Ruchira Gupta is a feminist campaigner, a visiting professor at New York University, and founder of Indian anti-sex trafficking organization Apne Aap Worldwide. She has helped more than 20,000 girls, women and their family members exit prostitution systems. An advocate for prostitution survivors, she took delegations of survivors to speak to the United Nations, and she also spoke to the UN General Assembly on their behalf; this work helped inspire the creation of the UN’s Trafficking Fund. Gupta testified before the U.S. Senate to support passage of the Trafficking Victim Protection Act; she also led survivors of  the 2012 Delhi bus rape to successfully lobby for a new anti-trafficking law. Gupta has won an Emmy for outstanding investigative journalism, the Clinton Global Citizen award and the Woman of Distinction Award from the United Nations’ NGO Committee on the Status of Women. Gupta has edited two anthologies: River of Flesh & Other Stories: The Prostituted Woman in Indian Short Fictionand As if Women Matter: The Essential Gloria Steinem Reader. Her dream, she says, is “to create a world in which no human being is bought or sold and Every Last Girl is free.”

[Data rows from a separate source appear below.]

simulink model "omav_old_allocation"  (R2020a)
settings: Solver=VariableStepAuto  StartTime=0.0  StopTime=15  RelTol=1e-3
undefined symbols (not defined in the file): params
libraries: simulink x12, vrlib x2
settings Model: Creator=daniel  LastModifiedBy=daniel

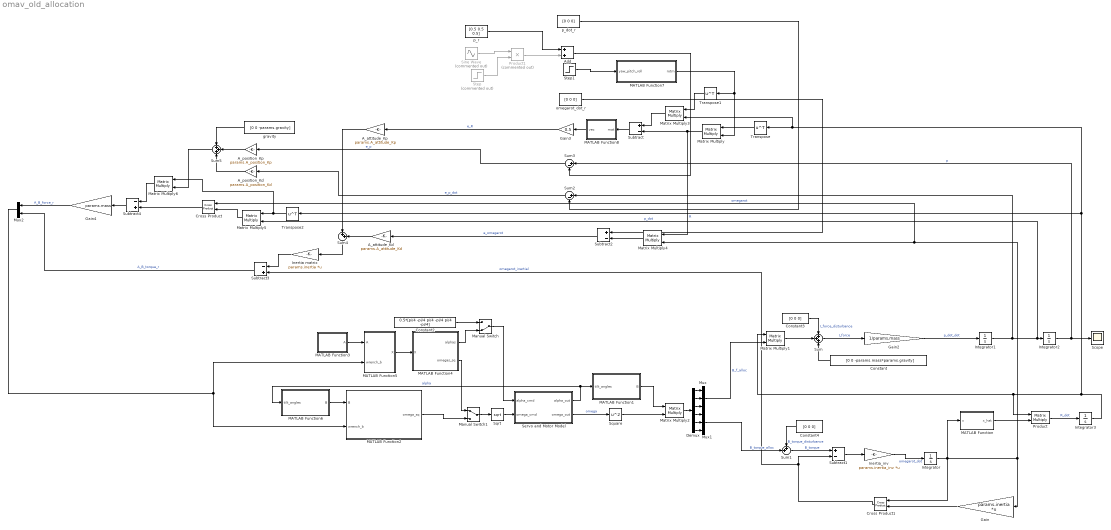
== system omav_old_allocation ==
  A_attitude_Kd : Gain  Gain=params.A_attitude_Kd
  A_attitude_Kp : Gain  Gain=params.A_attitude_Kp
  A_position_Kd : Gain  Gain=params.A_position_Kd
  A_position_Kp : Gain  Gain=params.A_position_Kp
  Add : Sum
  Constant : Constant  Value=[0 0 -params.mass*params.gravity]
  Constant2 : Constant  Value=0.5*[pi/4 -pi/4 pi/4 -pi/4 pi/4 -pi/4]
  Constant3 : Constant  Value=[0 0 0]
  Constant4 : Constant  Value=[0 0 0]
  Cross Product : vrlib/Utilities/Cross Product
  Cross Product1 : vrlib/Utilities/Cross Product
  Demux : Demux  Outputs=6
  Gain : Gain  Gain=params.inertia  Multiplication=Matrix(K*u) (u vector)
  Gain2 : Gain  Gain=1/params.mass
  Gain3 : Gain  Gain=0.5
  Gain4 : Gain  Gain=params.mass
  Inertia matrix : Gain  Gain=params.inertia  Multiplication=Matrix(K*u) (u vector)
  Inertia_inv : Gain  Gain=params.inertia_inv  Multiplication=Matrix(K*u) (u vector)
  Integrator : Integrator
  Integrator1 : Integrator
  Integrator2 : Integrator
  Integrator3 : Integrator  InitialCondition=[1 0 0;0 1 0;0 0 1]
  MATLAB Function : MATLAB Function  TreatAsAtomicUnit=on
  MATLAB Function1 : MATLAB Function  TreatAsAtomicUnit=on
  MATLAB Function2 : MATLAB Function  TreatAsAtomicUnit=on
  MATLAB Function3 : MATLAB Function  TreatAsAtomicUnit=on
  MATLAB Function4 : MATLAB Function  TreatAsAtomicUnit=on
  MATLAB Function5 : MATLAB Function  TreatAsAtomicUnit=on
  MATLAB Function6 : MATLAB Function  TreatAsAtomicUnit=on
  MATLAB Function7 : MATLAB Function  TreatAsAtomicUnit=on
  MATLAB Function8 : MATLAB Function  TreatAsAtomicUnit=on
  Manual Switch : ManualSwitch  CurrentSetting=0
  Manual Switch1 : ManualSwitch
  Matrix Multiply{,1..6} (7 alike) : Product  Multiplication=Matrix(*)
  Mux : Mux  Inputs=3
  Mux1 : Mux  Inputs=3
  Mux2 : Mux  Inputs=2
  Product : Product  Multiplication=Matrix(*)  OutMin=0
  Product1 : Product  Commented=on
  Scope : Scope
  Servo and Motor Model : Subsystem
  Sine Wave : Sin  Commented=on  Amplitude=[0.01 0 0]  Frequency=5  SampleTime=0
  Sqrt : Sqrt  SaturateOnIntegerOverflow=on
  Square : Math  Operator=square  SaturateOnIntegerOverflow=on
  Step : Step  Commented=on  Time=3  SampleTime=0
  Step1 : Step  Time=5  Before=[0 0 0]  After=[0 pi/2 0]  SampleTime=0
  Subtract : Sum  Inputs=+-
  Subtract1 : Sum  Inputs=+-
  Subtract2 : Sum  Inputs=+-
  Subtract3 : Sum  Inputs=-+
  Subtract4 : Sum  Inputs=-+
  Sum : Sum  Inputs=+++
  Sum1 : Sum  Inputs=++|
  Sum2 : Sum  Inputs=|+-
  Sum3 : Sum  Inputs=|+-
  Sum4 : Sum  Inputs=|++
  Sum5 : Sum  Inputs=+++
  Transpose : Math  Operator=transpose  SaturateOnIntegerOverflow=on
  Transpose1 : Math  Operator=transpose  SaturateOnIntegerOverflow=on
  Transpose2 : Math  Operator=transpose  SaturateOnIntegerOverflow=on
  gravity : Constant  Value=[0 0 -params.gravity]
  omegarot_dot_r : Constant  Value=[0 0 0]
  p_dot_r : Constant  Value=[0 0 0]
  p_r : Constant  Value=[0.5 0.5 0.5]
  wires:
  Integrator1/1 -> Matrix Multiply5/2, Integrator2/1, Sum2/1  "p_dot"
  Integrator2/1 -> Sum3/1, Scope/1  "p"
  Gain2/1 -> Integrator1/1  "p_dot_dot"
  Integrator/1 -> Cross Product/1, Matrix Multiply4/2, Gain/1, MATLAB Function/1(x), Cross Product1/1  "omegarot"
  Subtract1/1 -> Inertia_inv/1
  Gain/1 -> Cross Product1/2
  Cross Product1/1 -> Subtract3/2, Subtract1/2  "omegarot_inertial"
  Inertia_inv/1 -> Integrator/1  "omegarot_dot"
  Mux1/1 -> Sum1/2  "B_torque_alloc"
  Sum/1 -> Gain2/1  "I_force"
  MATLAB Function/1(x_hat) -> Product/2
  Integrator3/1 -> Matrix Multiply3/2, Transpose/1, Transpose2/1, Product/1, Matrix Multiply1/1  "R"
  Product/1 -> Integrator3/1  "R_dot"
  Constant3/1 -> Sum/1  "I_force_disturbance"
  Mux/1 -> Matrix Multiply1/2  "B_f_alloc"
  Matrix Multiply1/1 -> Sum/2
  Constant/1 -> Sum/3
  Sum1/1 -> Subtract1/1  "B_torque"
  Constant4/1 -> Sum1/1  "B_torque_disturbance"
  MATLAB Function1/1(B) -> Matrix Multiply2/1
  Matrix Multiply2/1 -> Demux/1
  Demux/1 -> Mux/1
  Demux/2 -> Mux/2
  Demux/3 -> Mux/3
  Demux/5 -> Mux1/2
  Demux/4 -> Mux1/1
  Demux/6 -> Mux1/3
  Servo and Motor Model/1(alpha_out) -> MATLAB Function6/1(tilt_angles), MATLAB Function1/1(tilt_angles)  "alpha"
  Servo and Motor Model/2(omega_out) -> Square/1  "omega"
  Square/1 -> Matrix Multiply2/2
  MATLAB Function2/1(omega_sq) -> Manual Switch1/2
  Sqrt/1 -> Servo and Motor Model/2(omega_cmd)
  MATLAB Function3/1(A) -> MATLAB Function5/1(A)
  MATLAB Function5/1(X) -> MATLAB Function4/1(X)
  MATLAB Function6/1(B) -> MATLAB Function2/1(B)
  MATLAB Function4/1(alphas) -> Manual Switch/2
  Manual Switch/1 -> Servo and Motor Model/1(alpha_cmd)
  Constant2/1 -> Manual Switch/1
  p_dot_r/1 -> Sum2/2
  Sum2/1 -> A_position_Kd/1  "e_p_dot"
  Sum3/1 -> A_position_Kp/1  "e_p"
  Add/1 -> Sum3/2
  Step1/1 -> MATLAB Function7/1(yaw_pitch_roll)
  MATLAB Function7/1(rotm) -> Matrix Multiply/2, Transpose1/1
  Matrix Multiply/1 -> Subtract/2, Matrix Multiply4/1
  Transpose/1 -> Matrix Multiply/1
  Transpose1/1 -> Matrix Multiply3/1
  Matrix Multiply3/1 -> Subtract/1
  Subtract/1 -> MATLAB Function8/1(mat)
  MATLAB Function8/1(vec) -> Gain3/1
  Gain3/1 -> A_attitude_Kp/1  "e_R"
  omegarot_dot_r/1 -> Subtract2/1
  Matrix Multiply4/1 -> Subtract2/2
  Subtract2/1 -> A_attitude_Kd/1  "e_omegarot"
  A_attitude_Kd/1 -> Sum4/2
  A_attitude_Kp/1 -> Sum4/1
  Sum4/1 -> Inertia matrix/1
  Inertia matrix/1 -> Subtract3/1
  Subtract3/1 -> Mux2/2  "A_B_torque_r"
  Transpose2/1 -> Matrix Multiply6/1, Matrix Multiply5/1
  Matrix Multiply5/1 -> Cross Product/2
  A_position_Kp/1 -> Sum5/2
  gravity/1 -> Sum5/1
  A_position_Kd/1 -> Sum5/3
  Sum5/1 -> Matrix Multiply6/2
  Matrix Multiply6/1 -> Subtract4/1
  Cross Product/1 -> Subtract4/2
  Subtract4/1 -> Gain4/1
  Gain4/1 -> Mux2/1  "A_B_force_r"
  Mux2/1 -> MATLAB Function5/2(wrench_b), MATLAB Function2/2(wrench_b)
  Manual Switch1/1 -> Sqrt/1
  MATLAB Function4/2(omegas_sq) -> Manual Switch1/1
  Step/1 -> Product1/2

World Cup champion and two-time Olympic gold medalist Abby Wambach is the all-time leading scorer in international soccer history, with 184 career goals. She was the United States’ leading scorer in the 2007 and 2011 Women’s World Cup tournaments and the 2004 and 2012 Olympics. (She missed Beijing 2008 due to a broken leg.) Her ability to wear down defenses with her physical play, aerial game and hard running has long been a key to the USA’s success. After winning the Women’s World Cup in 2015, Wambach retired as one of the most dominant players in the history of women’s soccer. A leader on and off the field, Wambach is dedicating the next chapter of her career to fighting for equality and inclusion across industries. The youngest of seven children who says she got her toughness from her four older brothers, she loves coffee, cooking, music and playing golf.  

Engineer and NASA astronaut Stephanie D. Wilson is a veteran of three spaceflights and has logged more than 42 days in space. Born in Boston, she attended high school in Pittsfield, Mass., and earned her B.S. degree in engineering science from Harvard University in 1988. After working at Martin Marietta for two years, she earned her master’s degree in aerospace engineering from the University of Texas at Austin; her graduate research, sponsored by a NASA Graduate Student Researchers Fellowship, focused on the control and modeling of large, flexible space structures. Selected by NASA as an astronaut candidate in April 1996, Wilson reported to the Johnson Space Center in August 1996 for two years of training. After a series of assignments at Johnson Space Center, she flew her first mission on board the Space Shuttle in 2006, then flew subsequent Space Shuttle missions in 2007 and 2010. Before becoming an astronaut, Wilson worked for two years for the former Martin Marietta Astronautics Group, serving as a loads and dynamics engineer for the Titan IV rocket. Wilson’s many honors include the Harvard Foundation Scientist of the Year Award, NASA’s Distinguished Service Medal and the Johnson Space Center Director’s Innovation Group Achievement Award.